Scan the records below for the line with "X1.465 Y368.655 Z119.365" and the line with "Y339.222 Z119.267". Repeat those two lines and every line between them exactly, and nothing else.

==== INFORMATION SHOWN ====

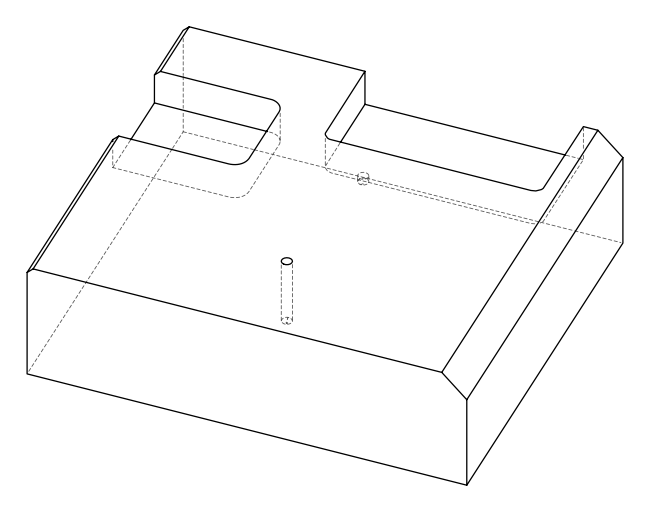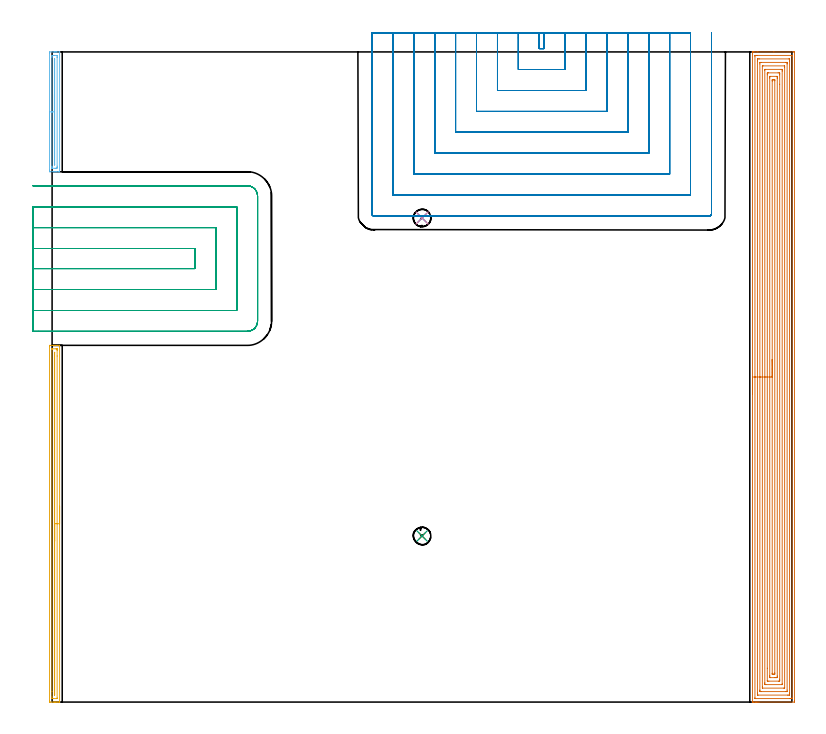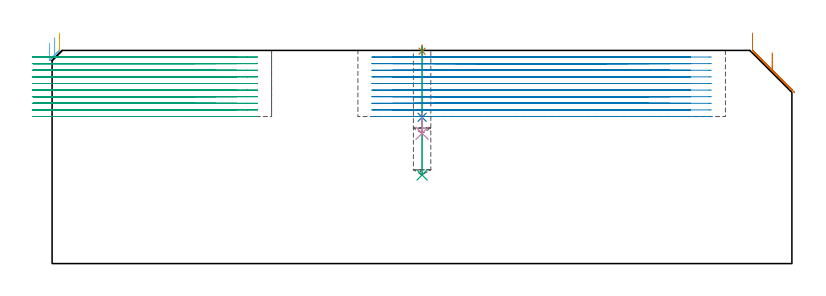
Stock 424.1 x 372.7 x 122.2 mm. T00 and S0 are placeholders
(PLAN: 9 operations, 3 tool changes, 133.2 min)
(1 SPOT_DRILL | STEP1POCKET | NXT0321_9005460120000 | 0.03 min | 1 mm3)
(2 SPOT_DRILL_1 | STEP1POCKET_1 | NXT0321_9005460120000 | 0.04 min | 4164 mm3)
(3 DRILL_BLIND_HOLE_INTO_CENTER | STEP1POCKET | UGT0301_032 | 0.3 min | 5421 mm3)
(4 DRILL_BLIND_HOLE_INTO_CENTER_1 | STEP1POCKET_1 | UGT0301_032 | 0.06 min | 649 mm3)
(5 AREA_MILL | FG_CHAMFER_SURFACE | UGT0205_001 | 5.05 min | 3505 mm3)
(6 AREA_MILL_1 | FG_CHAMFER_SURFACE_1 | UGT0205_001 | 1.8 min | 1219 mm3)
(7 AREA_MILL_2 | FG_CHAMFER_SURFACE_2 | UGT0205_001 | 27.17 min | 108228 mm3)
(8 MILL_SLOT | SLOT_PARTIAL_RECTANGULAR | NXT0201_012 | Follow Part, ap 4, ae 75% | 71.06 min | 809725 mm3)
(9 MILL_SLOT_1 | SLOT_PARTIAL_RECTANGULAR_1 | NXT0201_012 | Follow Part, ap 4, ae 75% | 27.66 min | 471200 mm3)
(TOOL NXT0321_9005460120000 | NC Spot Drill, 142deg, 12mm, Carbide, Uncoated | D12 PA142 FL30 Z2)
(TOOL UGT0301_032 | Twist Drill 10 mm | D10 PA118 FL87 Z2)
(TOOL UGT0205_001 | Chamfer Mill 20 x 3 x 45 deg. | D20 FL50 Z2)
(TOOL NXT0201_012 | ENDMILL 16mm [2P460-1600-NA 1630] | D16 FL38 Z6)
(OP 1 SPOT_DRILL)
G17 G21 G94 G90
T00 M6
G54
G17 G0 G90 X212.1 Y95.2 S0 M3
G43 Z132.2 H0
G94 G81 G98 Z121.77 F250. R125.2
G80
M5
M2
(OP 2 SPOT_DRILL_1)
G17 G21 G94 G90
T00 M6
G54
G17 G0 G90 X212.1 Y277.5 S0 M3
G43 Z132.2 H0
G94 G81 G98 Z83.87 F250. R87.3
G80
M5
M2
(OP 3 DRILL_BLIND_HOLE_INTO_CENTER)
G17 G21 G94 G90
T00 M6
G54
G17 G0 G90 X212.1 Y95.2 S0 M3
G43 Z132.2 H0
G94 G81 G98 Z50.8 F250. R124.2
G80
M5
M2
(OP 4 DRILL_BLIND_HOLE_INTO_CENTER_1)
G17 G21 G94 G90
T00 M6
G54
G17 G0 G90 X212.1 Y277.5 S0 M3
G43 Z132.2 H0
G94 G81 G98 Z74.7 F250. R86.3
G80
M5
M2
(OP 5 AREA_MILL)
G17 G21 G94 G90
T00 M6
G54
G17 G0 G90 X4.3 Y112.25 S1061 M3
G43 Z132.2 H0
G94 G1 Y112.212 Z131.328 F250.
Y112.098 Z130.463
Y111.909 Z129.612
Y111.647 Z128.78
Y111.313 Z127.974
Y110.91 Z127.2
Y110.442 Z126.464
Y109.91 Z125.772
Y109.321 Z125.129
Y108.678 Z124.539
Y107.986 Z124.008
Y107.25 Z123.54
Y106.476 Z123.137
Y105.67 Z122.803
Y104.838 Z122.541
Y103.987 Z122.352
Y103.122 Z122.238
Y102.25 Z122.2
Y0.149
X4.297 Y0.01 Z122.188
X4.204 Y0.002 Z122.096
X4.106 Y0. Z122.005
X3.428 Z121.327
X2.852 Z120.751
X2.27 Z120.166
X1.979 Z119.876
X1.4 Z119.297
X1.109 Z119.006
X0.53 Z118.424
X-1.104 Z116.792
X-1.21 Y0.002 Z116.686
X-1.493 Y0.01 Z116.403
X-1.498 Y0.3 Z116.4
X-1.5 Y0.595
Y0.893
Y203.905
X-1.498 Y204.2
X-1.493 Y204.49 Z116.403
X-1.21 Y204.5 Z116.686
X0.53 Z118.424
X1.109 Z119.006
X1.4 Z119.297
X1.979 Z119.876
X2.27 Z120.166
X2.852 Z120.752
X3.14 Z121.039
X4.106 Z122.005
X4.204 Y204.498 Z122.096
X4.297 Y204.49 Z122.188
X4.3 Y204.351 Z122.2
Y102.25
X2.886 Z120.786
X2.885 Y2.378 Z120.785
X2.883 Y2.063 Z120.783
X2.881 Y2.025 Z120.781
X2.88 Y2.013 Z120.78
X2.86 Y2.01 Z120.76
X2.762 Y2.004 Z120.662
X2.639 Y2.001 Z120.539
X0.53 Y2. Z118.43
X0.027 Y2.002 Z117.927
X-0.06 Y2.007 Z117.84
X-0.075 Y2.009 Z117.825
X-0.079 Y2.037 Z117.821
X-0.083 Y2.115 Z117.817
X-0.085 Y2.378 Z117.815
X-0.086 Y3.01 Z117.814
Y6.117
X-0.085 Y202.122 Z117.815
X-0.083 Y202.437 Z117.817
X-0.081 Y202.475 Z117.819
X-0.08 Y202.487 Z117.82
X-0.06 Y202.49 Z117.84
X0.038 Y202.496 Z117.938
X0.161 Y202.499 Z118.061
X2.27 Y202.5 Z120.17
X2.772 Y202.498 Z120.672
X2.86 Y202.493 Z120.76
X2.875 Y202.491 Z120.775
X2.879 Y202.463 Z120.779
X2.882 Y202.385 Z120.782
X2.885 Y202.122 Z120.785
X2.886 Y201.49 Z120.786
Y198.389
Y102.25
X1.472 Z119.372
Y4.98
X1.47 Y4.162 Z119.37
X1.469 Y4.091 Z119.369
X1.465 Y4.024 Z119.365
X1.4 Y4.01 Z119.3
X1.348 Y4.008 Z119.248
X1.335 Y4.01 Z119.235
X1.332 Y4.04 Z119.232
X1.33 Y4.089 Z119.23
X1.329 Y4.162 Z119.229
X1.328 Y4.235 Z119.228
Y199.52
X1.33 Y200.338 Z119.23
X1.331 Y200.409 Z119.231
X1.335 Y200.476 Z119.235
X1.4 Y200.49 Z119.3
X1.452 Y200.492 Z119.352
X1.464 Y200.49 Z119.364
X1.468 Y200.46 Z119.368
X1.47 Y200.411 Z119.37
X1.471 Y200.338 Z119.371
X1.472 Y200.265 Z119.372
Y102.25
Y101.378 Z119.41
Y100.514 Z119.523
Y99.662 Z119.712
Y98.83 Z119.975
Y98.024 Z120.308
Y97.25 Z120.711
Y96.514 Z121.18
Y95.822 Z121.711
Y95.179 Z122.3
Y94.59 Z122.944
Y94.059 Z123.636
Y93.59 Z124.372
Y93.187 Z125.145
Y92.853 Z125.951
Y92.591 Z126.783
Y92.402 Z127.635
Y92.288 Z128.5
Y92.25 Z129.372
G0 Z132.2
M5
M2
(OP 6 AREA_MILL_1)
G17 G21 G94 G90
T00 M6
G54
G17 G0 G90 X-1.5 Y328.35 S1061 M3
G43 Z132.2 H0
Z126.4
G94 G1 Y328.388 Z125.528 F250.
Y328.502 Z124.664
Y328.691 Z123.812
Y328.953 Z122.98
Y329.287 Z122.174
Y329.69 Z121.4
Y330.158 Z120.664
Y330.69 Z119.972
Y331.279 Z119.329
Y331.922 Z118.74
Y332.614 Z118.209
Y333.35 Z117.74
Y334.124 Z117.337
Y334.93 Z117.003
Y335.762 Z116.741
Y336.614 Z116.552
Y337.478 Z116.438
Y338.35 Z116.4
Y372.14
X-1.498 Y372.434
X-1.493 Y372.69 Z116.403
X-1.21 Y372.7 Z116.685
X0.53 Z118.424
X1.174 Z119.072
X1.4 Z119.297
X2.044 Z119.941
X2.27 Z120.166
X2.722 Z120.621
X4.149 Z122.048
X4.226 Y372.698 Z122.118
X4.297 Y372.69 Z122.189
X4.3 Y372.585 Z122.2
Y304.115
X4.297 Y304.01 Z122.189
X4.24 Y304.001 Z122.132
X4.225 Z122.117
X4.149 Y304. Z122.048
X3.558 Z121.457
X2.722 Z120.621
X2.27 Z120.166
X2.044 Z119.941
X1.4 Z119.297
X1.174 Z119.072
X0.53 Z118.424
X-1.104 Z116.792
X-1.21 Y304.002 Z116.685
X-1.493 Y304.01 Z116.403
X-1.498 Y304.266 Z116.4
X-1.5 Y304.56
Y304.857
Y338.35
X-0.086 Z117.814
Y369.472
X-0.085 Y370.101 Z117.815
X-0.082 Y370.362 Z117.818
X-0.079 Y370.667 Z117.821
X0.208 Y370.691 Z118.108
X0.53 Y370.696 Z118.43
X1.069 Y370.7 Z118.969
X2.81 Y370.699 Z120.71
X2.866 Y370.694 Z120.766
X2.874 Y370.691 Z120.774
X2.879 Y370.677 Z120.779
X2.882 Y370.625 Z120.782
X2.884 Y370.362 Z120.784
X2.886 Y369.732 Z120.786
Y369.472
Y307.228
X2.885 Y306.599 Z120.785
X2.883 Y306.338 Z120.783
X2.879 Y306.033 Z120.779
X2.592 Y306.009 Z120.492
X2.27 Y306.004 Z120.17
X1.731 Y306. Z119.631
X-0.01 Y306.001 Z117.89
X-0.066 Y306.007 Z117.834
X-0.074 Y306.009 Z117.826
X-0.079 Y306.023 Z117.821
X-0.082 Y306.075 Z117.818
X-0.085 Y306.338 Z117.815
X-0.086 Y306.968 Z117.814
Y307.228
Y338.35
X1.328 Z119.228
X1.329 Y368.583 Z119.229
X1.33 Y368.655 Z119.23
X1.332 Y368.679 Z119.232
X1.335 Y368.69 Z119.235
X1.344 Y368.693 Z119.244
X1.4 Y368.696 Z119.3
X1.438 Y368.694 Z119.338
X1.462 Y368.69 Z119.362
X1.465 Y368.655 Z119.365
X1.469 Y368.583 Z119.369
X1.471 Y368.511 Z119.371
Y308.117
X1.47 Y308.045 Z119.37
X1.468 Y308.021 Z119.368
X1.465 Y308.01 Z119.365
X1.456 Y308.007 Z119.356
X1.4 Y308.004 Z119.3
X1.362 Y308.006 Z119.262
X1.338 Y308.01 Z119.238
X1.335 Y308.045 Z119.235
X1.331 Y308.117 Z119.231
X1.329 Y308.189 Z119.229
X1.328 Y338.35 Z119.228
Y339.222 Z119.267
Y340.086 Z119.38
Y340.938 Z119.569
Y341.77 Z119.832
Y342.576 Z120.165
Y343.35 Z120.568
Y344.086 Z121.037
Y344.778 Z121.568
Y345.421 Z122.157
Y346.01 Z122.801
Y346.542 Z123.493
Y347.01 Z124.228
Y347.413 Z125.002
Y347.747 Z125.808
Y348.009 Z126.64
Y348.198 Z127.492
Y348.312 Z128.357
Y348.35 Z129.228
G0 Z132.2
M5
M2
(OP 7 AREA_MILL_2)
G17 G21 G94 G90
T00 M6
G54
G17 G0 G90 X401.5 Y176.347 S1061 M3
G43 Z132.2 H0
G94 G1 Y176.385 Z131.328 F250.
Y176.498 Z130.463
Y176.687 Z129.612
Y176.95 Z128.78
Y177.283 Z127.974
Y177.686 Z127.2
Y178.155 Z126.464
Y178.686 Z125.772
Y179.275 Z125.129
Y179.919 Z124.539
Y180.611 Z124.008
Y181.347 Z123.54
Y182.12 Z123.137
Y182.926 Z122.803
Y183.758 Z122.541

====

_RESPONSE TO THE TASK_
X1.465 Y368.655 Z119.365
X1.469 Y368.583 Z119.369
X1.471 Y368.511 Z119.371
Y308.117
X1.47 Y308.045 Z119.37
X1.468 Y308.021 Z119.368
X1.465 Y308.01 Z119.365
X1.456 Y308.007 Z119.356
X1.4 Y308.004 Z119.3
X1.362 Y308.006 Z119.262
X1.338 Y308.01 Z119.238
X1.335 Y308.045 Z119.235
X1.331 Y308.117 Z119.231
X1.329 Y308.189 Z119.229
X1.328 Y338.35 Z119.228
Y339.222 Z119.267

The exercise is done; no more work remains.